あのまま俺が間に合わなかったら、ユーマオスがなにをするつもりだったか……
想像したくもないが。
「ありがとう、助けにきてくれて……」
頬を赤く染めたまま、ユリシアがぽつりと呟いた。
「……ここにきたのは、勇者の仕事で……?」
「まあ……そうなるな。けど」
俺は懐からピンク色のハンカチを取り出すと、そのハンカチでユリシアの涙を拭ってみせた。
「洞窟の入り口で、このハンカチを見つけてね。まさかとは思ったけど……ユリシアが無事で、本当に良かった……」
「……ぁ」
ユリシアの頬が、綺麗なピンク色に染まっていく。
本当に……怖かったんだろうな。
俺に両手足の拘束を解かれるまで、ユリシアはずっと黙っていた。
「エリさん。彼女を……お願いできますか」
「ええ……。任せてください」
エリはこくりと頷くと、そっとユリシアを抱きかかえた。
いまのユリシアは心身ともに不安定だからな。
エリに諸々を任せたほうが無難だろう。
「アルバートさん……。気をつけてください。やはり調査通り……レクドリア家は、よからぬ企みを画策していたようです」
「よからぬ……企み……?」
そういえば前にもそんなこと言ってたな。
レクドリア家のことを、冒険者たちでも独自に調査しているとかなんとか。
もしかしてそれが……ここに繋がるということか。
――――
【全自動レベルアップ】によってアルバートのレベルが急速に上がりました。
レベル:579
攻撃力:43423
防御力:42112
魔法攻撃力:52133
魔法防御力:47598
速さ:72341
神域覚醒まで:あと421
使用可能なスキル一覧
・【鑑定】
・【闇属性魔法】
――――
ユーマオスと対峙している間にも、見慣れた文字列が視界に浮かび続ける。
本当にすごいな……このスキルは。
全自動の名の通り、なにもしないでも勝手に強くなっていくのだから。
スキルの全容はいまだによくわからないけれど、これならきっと、ユーマオスにも負けない。時間が経てば経つほど強くなるこのスキルがあれば、きっと……
「ふ……。なるほどな。アルバート・ヴァレスタイン」
ユーマオスは変わらず余裕綽綽とした笑みを浮かべると、妙に威厳のある声を発する。
「妙に強くなっていると思ったら……やはりそういうことか。魔王様の予言は本当だったということだ」
「なに……?」
どういうことだ?
あいつ……聞き違いじゃなければ、いま魔王様といった気がするが。
「かかってくるがよい、禁忌なる力を持つ者よ。私も魔王様に見いだされし者……そう簡単には負けぬぞ……!!」
ユーマオスが大きな叫び声を発した、その瞬間。
ドドドドドドドドドドドドドド……! と。
あまりに巨大な衝撃波が、奴の全身から発せられた。
「わわわわっ!」
その威力に、Sランク冒険者たるエリも目を見開く。
「くっ……。
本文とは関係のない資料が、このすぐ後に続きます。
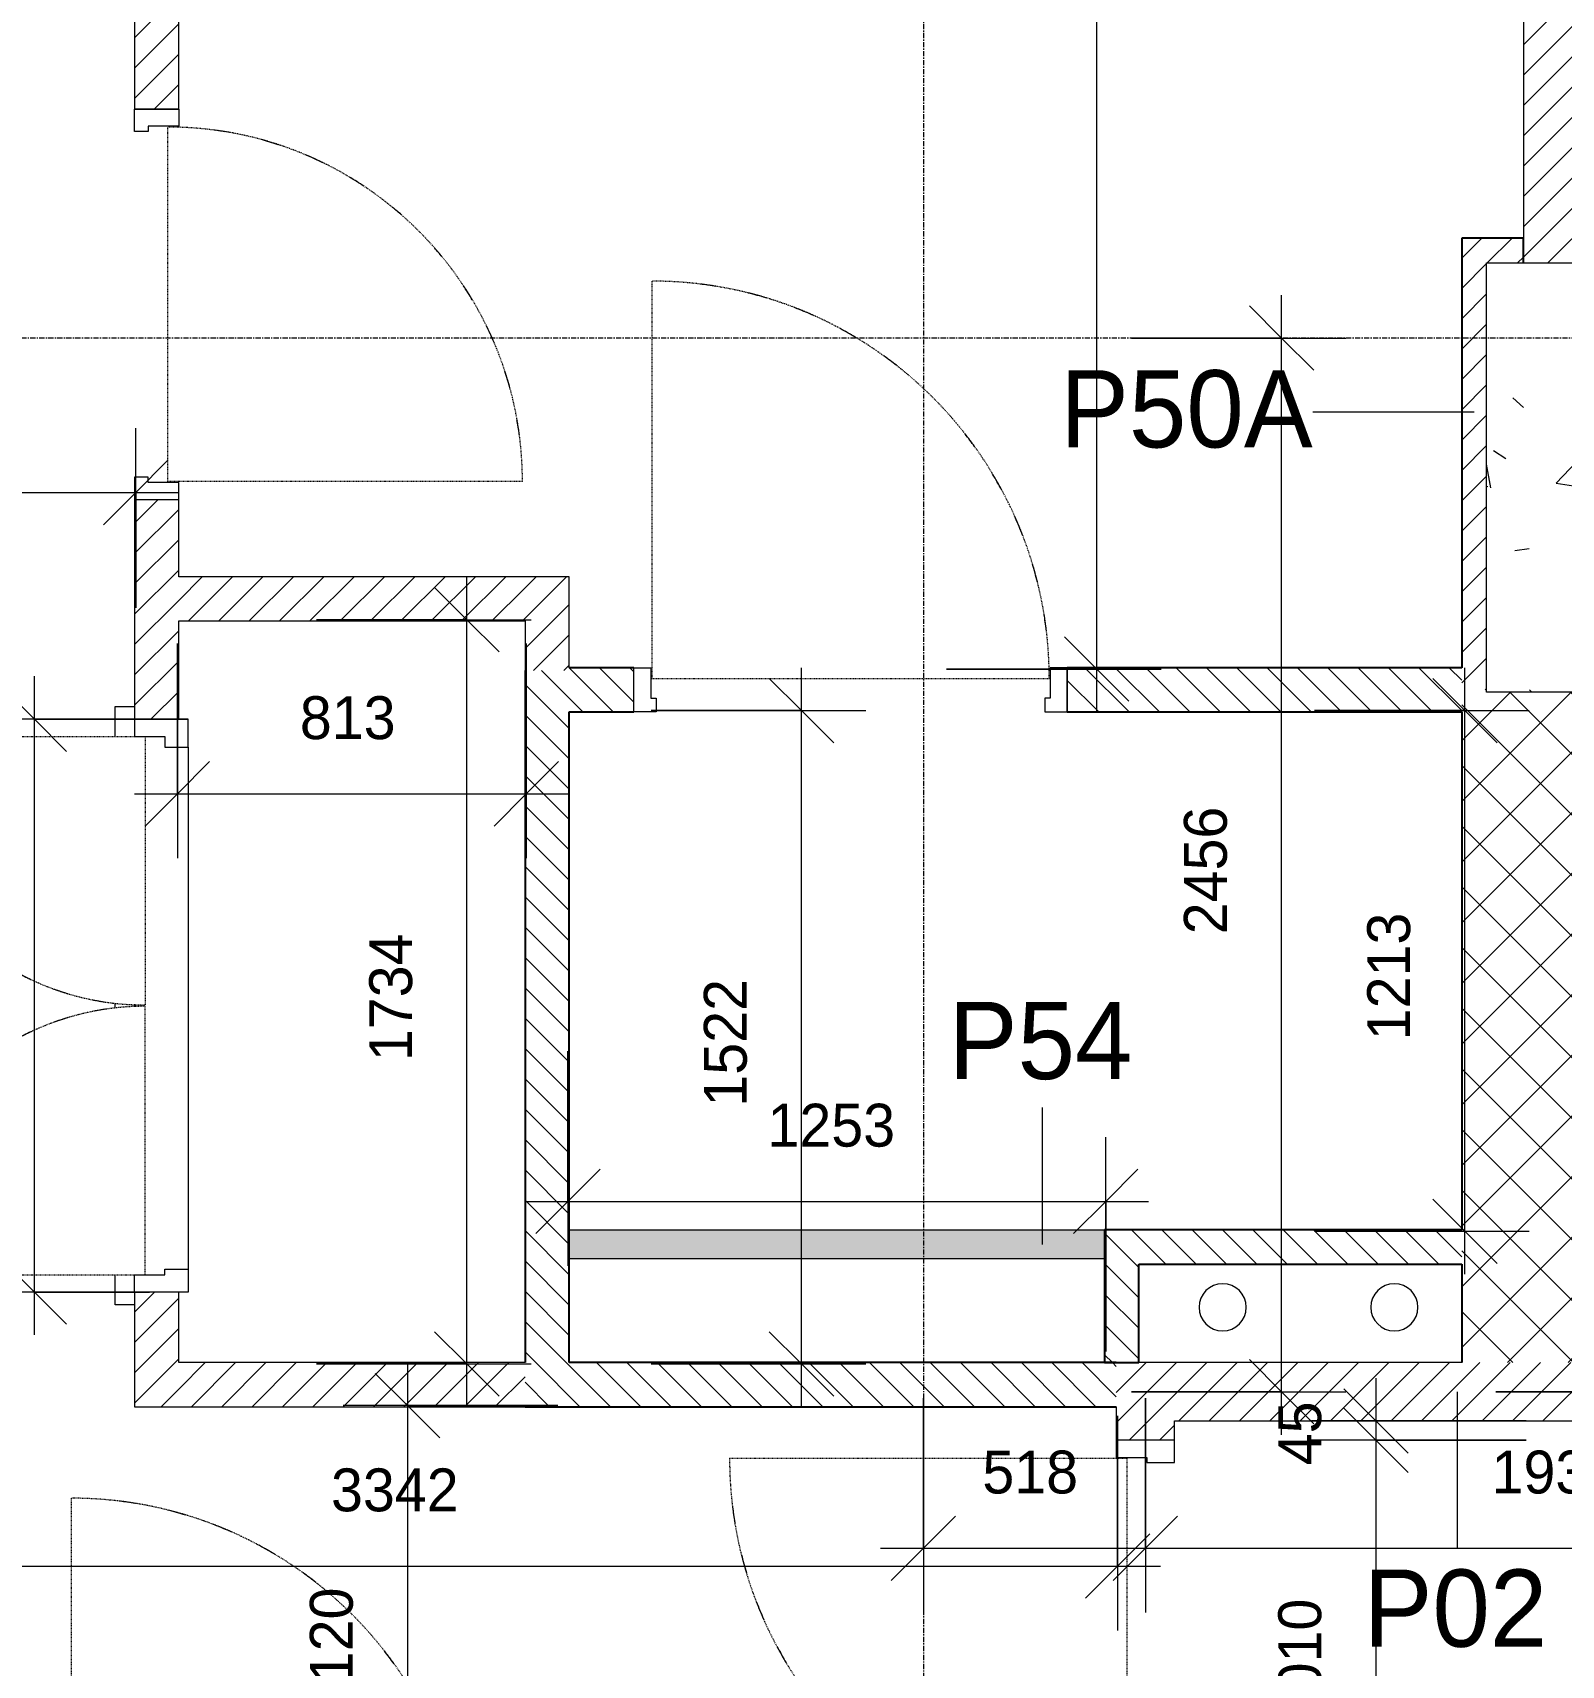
# Model space of a CAD drawing. Header units: millimetres. Extents: x 137829 to 196765, y -3018 to 487290.
# Drawn here: x 149367 to 152929, y 476737 to 480542 of the extents above; entities that cross this region are included whole.
import ezdxf

# ---------------------------------------------------------------- set-up
doc = ezdxf.new("R2010")
doc.units = ezdxf.units.MM
doc.linetypes.add('FCH_Dash 1_5mm', pattern=[3, 1.5, -1.5])
doc.linetypes.add('GridLine', pattern=[21, 12, -3, 3, -3])
for name, color, linetype, lineweight in [('A-ANNO-DIMS', 211, 'Continuous', 5), ('A-ANNO-DIMS-100', 211, 'Continuous', 5), ('A-DOOR', 31, 'Continuous', 15), ('A-DOOR-FRAM', 31, 'Continuous', 5), ('A-GENM', 13, 'Continuous', 15), ('A-WALL-IDEN', 211, 'Continuous', 15), ('A-WALL-PATT', 111, 'Continuous', 15), ('I-WALL', 2, 'Continuous', 15), ('S-COLS', 52, 'Continuous', 15), ('S-GRID', 1, 'Continuous', 5)]:
    doc.layers.add(name, color=color, linetype=linetype, lineweight=lineweight)
doc.styles.add('Akkurat-Light_2', font='Akkurat-Light.ttf', dxfattribs={"height": 180})
doc.styles.add('Akkurat-Light_3', font='Akkurat-Light.ttf', dxfattribs={"height": 100})
doc.dimstyles.new('Diagonal_Cont_AkkuratLight_1_0mm', dxfattribs={"dimscale": 304.8, "dimtxt": 101.480158, "dimasz": 0.492126, "dimexe": 0.492126, "dimexo": 0.0625, "dimgap": 0.328084, "dimtad": 1, "dimdec": 0, "dimzin": 0, "dimdsep": 46, "dimtxsty": 'Akkurat-Light_3', "dimblk1": 'OBLIQUE', "dimblk2": 'OBLIQUE', "dimsah": 1, "dimcen": 0.09, "dimdle": 0.328084, "dimazin": 0, "dimtfac": 1, "dimtdec": 4, "dimtix": 1, "dimtmove": 0, "dimatfit": 3, "dimfxl": 1, "dimtvp": 1, "dimtolj": 1, "dimtzin": 0, "dimarcsym": 0})
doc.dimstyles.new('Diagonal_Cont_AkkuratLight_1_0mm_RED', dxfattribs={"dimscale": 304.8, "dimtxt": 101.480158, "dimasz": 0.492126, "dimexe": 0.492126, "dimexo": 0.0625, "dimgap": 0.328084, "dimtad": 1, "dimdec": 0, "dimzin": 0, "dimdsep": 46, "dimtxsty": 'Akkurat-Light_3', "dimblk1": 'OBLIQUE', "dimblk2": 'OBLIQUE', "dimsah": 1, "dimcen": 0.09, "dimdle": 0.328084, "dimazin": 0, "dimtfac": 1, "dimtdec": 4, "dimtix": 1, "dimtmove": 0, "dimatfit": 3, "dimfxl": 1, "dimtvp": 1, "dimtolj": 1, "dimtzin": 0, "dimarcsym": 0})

こりゃすごいな……」
室内にあった壁画も。机も。なにもかも。
ユーマオスから放たれる衝撃波によって、大きく揺れている。
いや――それだけじゃないな。
ユーマオスから発せられる気迫が、ここの洞窟そのものを大きく揺らしているかのような――
「ふふ……どうだ」
そして数秒後……ユーマオス・レクドリアは先ほどより明らかに異なるオーラを放っていた。
漆黒のオーラが、奴を取り巻いていて。
目の色までもが、おぞましい血の色に染まっている。
まさしく《悪魔》とでも表現すべき化け物が、俺の前に立っていた。
「私も魔王様に身を預けた身……。レベルという概念を許された、至高なる存在なのだよ……!」
「…………っ!」
信じられない。
まさかこれほどの使い手がいようとは。
――
ユーマオス・レクドリア 鑑定結果
レベル:190
攻撃力:24321
防御力:21242
魔法攻撃力:17564
魔法防御力:15673
速さ:11567
★レベルの権限を与えられた人間。
権限付与者は魔王。
弱点は《速さ》ステータス。
レベルに反してそれほど数値が高くないので、ここを起点にして戦うと楽。
――
「……あれ?」
だが。
試しにユーマオスを鑑定してみた結果……そのステータスはあまりに拍子抜けするものだった。
……これ、思ったより弱くないか?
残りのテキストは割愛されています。